- _Goal of the exercise_:
Only lines holding the word "along" are wanted from the records; copy all of them.

- _Saved entries_:
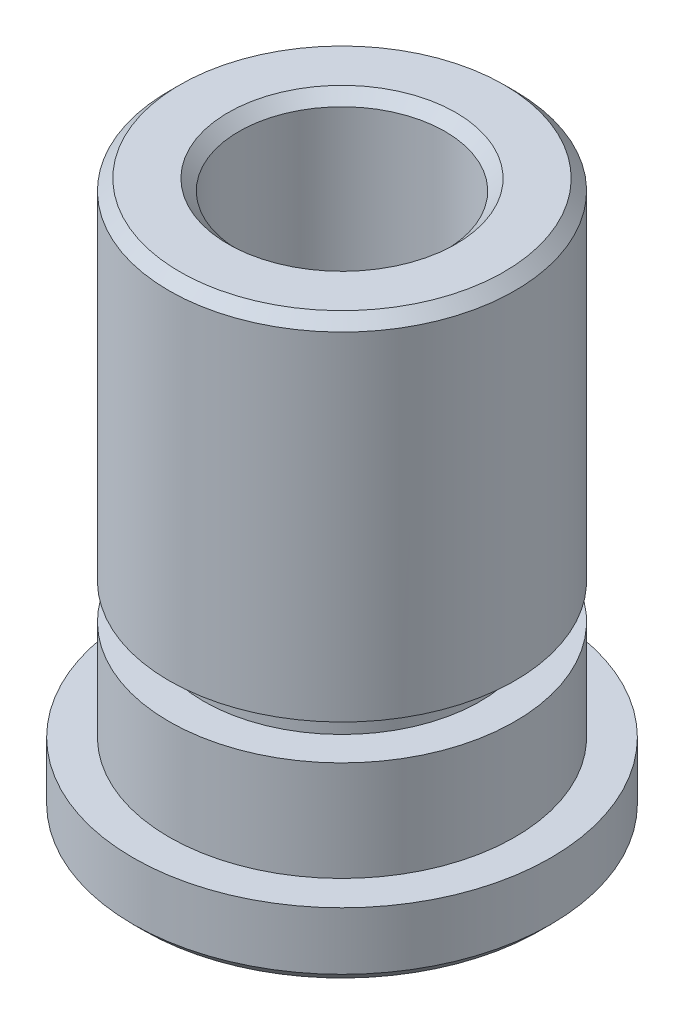
SolidWorks part; units mm, degrees
material "Aluminum Bronze"
ref_plane "Front" through (0, 0, 0) normal (0, 0, 1) x (1, 0, 0)
ref_plane "Top" through (0, 0, 0) normal (0, 1, 0) x (1, 0, 0)
ref_plane "Right" through (0, 0, 0) normal (1, 0, 0) x (0, 0, -1)
ref_axis "side-side" through (80.9, 0, 0) along (-1, 0, 0)
ref_axis "up-down" through (0, 50, 0) along (0, -1, 0)
ref_axis "front-back" through (0, 0, -80.9) along (0, 0, 1)
sketch "Sketch2" plane through (0, 0, 0) normal (1, 0, 0) x (0, 0, -1)
  line L0 (0, -1.3599) -> (0, -6.0041) construction
  line L1 (50, 0) -> (-50, 0) construction
  line L2 (2.3685, 12.7) -> (3.9751, 12.7)
  line L3 (2.3685, 12.7) -> (2.3685, 0)
  line L4 (2.3685, 0) -> (4.8006, 0)
  line L5 (4.8006, 1.5748) -> (4.8006, 0)
  line L6 (3.9751, 3.8748) -> (3.9751, 1.5748)
  line L7 (3.9751, 4.6876) -> (3.175, 4.6876)
  line L8 (4.8006, 1.5748) -> (3.9751, 1.5748)
  line L9 (3.9751, 12.7) -> (3.9751, 4.6876)
  line L11 (3.9751, 3.8748) -> (3.175, 3.8748)
  line L12 (3.175, 4.6876) -> (3.175, 3.8748)
  dimension "D1" = 4.7371
  dimension "D2" = 7.9502
  dimension "D3" = 1.5748
  dimension "D4" = 9.6012
  dimension "D5" = 12.7
  dimension "D6" = 0.8128
  dimension "D7" = 6.35
  dimension "D8" = 2.3
revolve "Revolve1" add sketch "Sketch2" angle 360 about L0
chamfer "Chamfer1" distance 0.25 angle 45 4 edges at (0, 12.7, 2.3685) (0, 0, 4.8006) (0, 12.7, 3.9751) (0, 0, 2.3685)
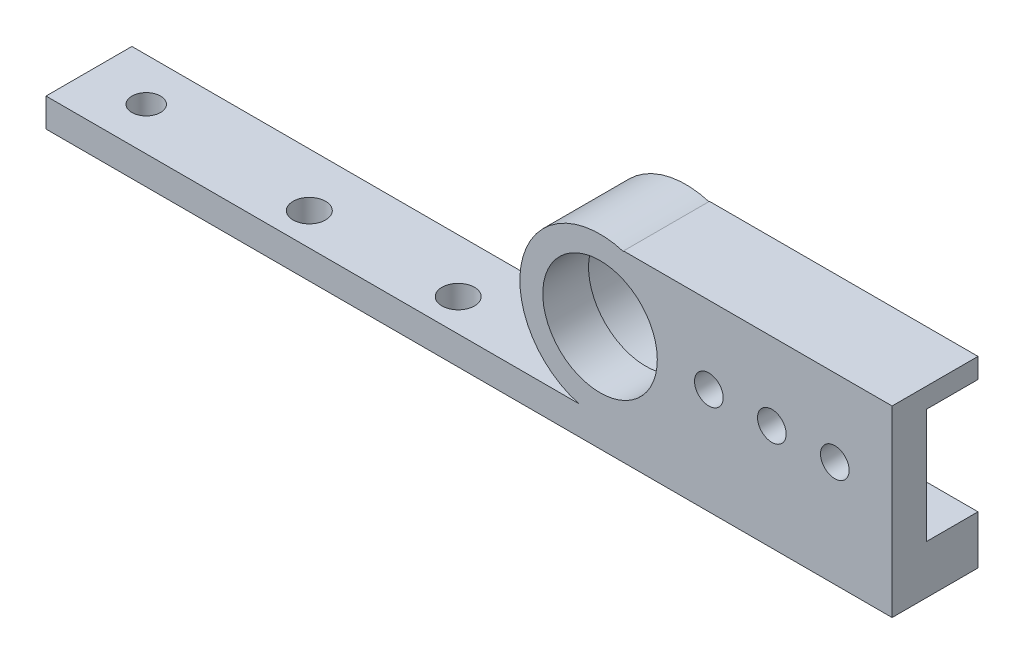
SolidWorks part; units mm, degrees
ref_plane "前视基准面" through (0, 0, 0) normal (0, 0, 1) x (1, 0, 0)
ref_plane "上视基准面" through (0, 0, 0) normal (0, 1, 0) x (1, 0, 0)
ref_plane "右视基准面" through (0, 0, 0) normal (1, 0, 0) x (0, 0, -1)
sketch "草图1" plane through (0, 0, 0) normal (0, 0, 1) x (1, 0, 0)
  line L1 (20, -10) -> (-20, -10)
  line L2 (20, -10) -> (20, 10)
  line L3 (20, 10) -> (-20, 10)
  line L4 (-20, -10) -> (-20, 10)
  line L5 (20, -10) -> (-20, 10) construction
  line L6 (20, 10) -> (-20, -10) construction
  point P0 (0, 0)
  dimension "D1" = 40
  dimension "D2" = 20
extrude "凸台-拉伸1" add sketch "草图1" along normal blind 6
sketch "草图2" plane through (0, 0, 6) normal (0, 0, 1) x (1, 0, 0)
  line L0 (20, -10) -> (20, 10) construction
  circle A0 centre (10, 0) radius 2.5
  circle A1 centre (-1, 0) radius 2.5
  circle A2 centre (-12, 0) radius 2.5
  dimension "D1" = 10
  dimension "D2" = 5
  dimension "D3" = 3
extrude "切除-拉伸1" cut sketch "草图2" against normal through all
sketch "草图3" plane through (0, 0, 6) normal (0, 0, 1) x (1, 0, 0)
  line L0 (20, 13.5) -> (20, 10)
  line L1 (20, -13.5) -> (-26.894, -13.5)
  line L3 (20, 13.5) -> (-26.894, 13.5)
  line L4 (-20, 10) -> (-20, -10)
  line L5 (-20, -10) -> (20, -10)
  line L6 (20, -10) -> (20, 10)
  line L7 (20, 10) -> (-20, 10)
  line L8 (-20, 10) -> (-20, -10)
  line L9 (-20, -10) -> (20, -10)
  line L10 (20, -10) -> (20, 10)
  line L11 (20, 10) -> (-20, 10)
  line L12 (-26.894, -13.5) -> (-26.894, 13.5)
  line L13 (20, -10.0394) -> (-26.894, 13.5) construction
  line L14 (20, 10.0394) -> (-26.894, -13.5) construction
  line L15 (20, -10) -> (20, -13.5)
  circle A0 centre (-31, 0) radius 11
  circle A1 centre (-31, 0) radius 14
  point P2 (0, 0)
  line M10 (-20, 10) -> (-20, -10)
  line M11 (-20, -10) -> (20, -10)
  line M13 (20, 10) -> (-20, 10)
  dimension "D3" = 22
  dimension "D4" = 28
  dimension "D2" = 3.5
  dimension "D1" = 0
extrude "凸台-拉伸2" add sketch "草图3" against normal blind 15 contours L3 A1 L1 L12 A0 | A1 L1 L15 M11 M10 | L1 A1 L8 A0 L12 | L8 A1 L3 L12 A0 | L8 A1 | A1 L0 L3 M10 M13 region at (-1.9449, 11.7771, 6) region at (-1.9449, -11.7771, 6) region at (-23.0173, 9.0328, 6) region at (-27.2274, 11.7946, 6) region at (-18.7882, 0, 6) region at (-23.0173, -9.0328, 6)
sketch "草图5" plane through (0, 0, 6) normal (0, 0, 1) x (1, 0, 0)
  circle A0 centre (-31, 0) radius 10
  circle A1 centre (-31, 0) radius 11 construction
  circle A2 centre (-31, 0) radius 11
  dimension "D1" = 20
extrude "凸台-拉伸3" add sketch "草图5" against normal blind 8
sketch "草图6" plane through (0, 0, 6) normal (0, 0, 1) x (1, 0, 0)
  circle A0 centre (-31, 0) radius 8.5
  circle A1 centre (-31, 0) radius 10 construction
  circle A2 centre (-31, 0) radius 10
  dimension "D1" = 17
sketch "草图9" plane through (0, -13.5, 0) normal (0, -1, 0) x (1, 0, 0)
  circle A0 centre (-18.2368, -1.344) radius 5.5352
sketch "草图10" plane through (20, 0, 0) normal (1, 0, 0) x (0, 0, -1)
  line L1 (9, -13.5) -> (-6, -13.5)
  line L2 (9, -13.5) -> (9, -18.5)
  line L3 (9, -18.5) -> (-6, -18.5)
  line L4 (-6, -13.5) -> (-6, -18.5)
  dimension "D1" = 5
extrude "凸台-拉伸4" add sketch "草图10" against normal blind 200
sketch "草图11" plane through (0, 0, 6) normal (0, 0, 1) x (1, 0, 0)
  line L1 (-28.6193, -11.8661) -> (-25.5243, -11.8661)
  line L2 (-28.6193, -11.8661) -> (-28.6193, -14.961)
  line L3 (-28.6193, -14.961) -> (-25.5243, -14.961)
  line L4 (-25.5243, -11.8661) -> (-25.5243, -14.961)
extrude "凸台-拉伸5" add sketch "草图11" against normal through all
sketch "草图13" plane through (0, -18.5, 0) normal (0, -1, 0) x (1, 0, 0)
  line L0 (-164.0842, 6) -> (-164.0842, -9)
  line L1 (-180, 6) -> (20, 6) construction
  line L2 (-164.0842, 123.2983) -> (-164.0842, -246.7017) construction
  line L3 (-180, -9) -> (20, -9) construction
sketch "草图14" plane through (0, -18.5, 0) normal (0, -1, 0) x (1, 0, 0)
  line L0 (-127.7451, -15.7251) -> (-127.7451, 9.3691)
  line L1 (-127.7451, 125.09) -> (-127.7451, -244.91) construction
sketch "草图15" plane through (0, -18.5, 0) normal (0, -1, 0) x (1, 0, 0)
  line L1 (-127.7451, -15.7251) -> (-184.1416, -15.7251)
  line L2 (-127.7451, -15.7251) -> (-127.7451, 11.9644)
  line L3 (-127.7451, 11.9644) -> (-184.1416, 11.9644)
  line L4 (-184.1416, -15.7251) -> (-184.1416, 11.9644)
sketch "草图16" plane through (0, -18.5, 0) normal (0, -1, 0) x (1, 0, 0)
  line L0 (-127.7451, -17.1171) -> (-127.7451, 37.1771)
  line L1 (-127.7451, 125.09) -> (-127.7451, -244.91) construction
sketch "草图17" plane through (0, -18.5, 0) normal (0, -1, 0) x (1, 0, 0)
  line L1 (-127.7451, -17.1171) -> (-191.9094, -17.1171)
  line L2 (-127.7451, -17.1171) -> (-127.7451, 25.2398)
  line L3 (-127.7451, 25.2398) -> (-191.9094, 25.2398)
  line L4 (-191.9094, -17.1171) -> (-191.9094, 25.2398)
extrude "切除-拉伸2" cut sketch "草图17" against normal through all
sketch "草图20" plane through (0, -18.5, 0) normal (0, -1, 0) x (1, 0, 0)
  line L0 (-127.7451, 6) -> (-127.7451, -9) construction
  line L1 (-127.7451, -1.5) -> (-117.7451, -1.5) construction
  circle A0 centre (-117.7451, -1.5) radius 2.5
  dimension "D1" = 5
  dimension "D2" = 10
extrude "切除-拉伸3" cut sketch "草图20" against normal through all
sketch "草图21" plane through (0, -18.5, 0) normal (0, -1, 0) x (1, 0, 0)
  circle A0 centre (-87.421, 0.3438) radius 2.8371
  circle A1 centre (-61.421, 0.3438) radius 2.8371
extrude "切除-拉伸4" cut sketch "草图21" against normal through all

- _Task output_:
ref_axis "side-side" through (80.9, 0, 0) along (-1, 0, 0)
ref_axis "up-down" through (0, 50, 0) along (0, -1, 0)
ref_axis "front-back" through (0, 0, -80.9) along (0, 0, 1)
extrude "凸台-拉伸1" add sketch "草图1" along normal blind 6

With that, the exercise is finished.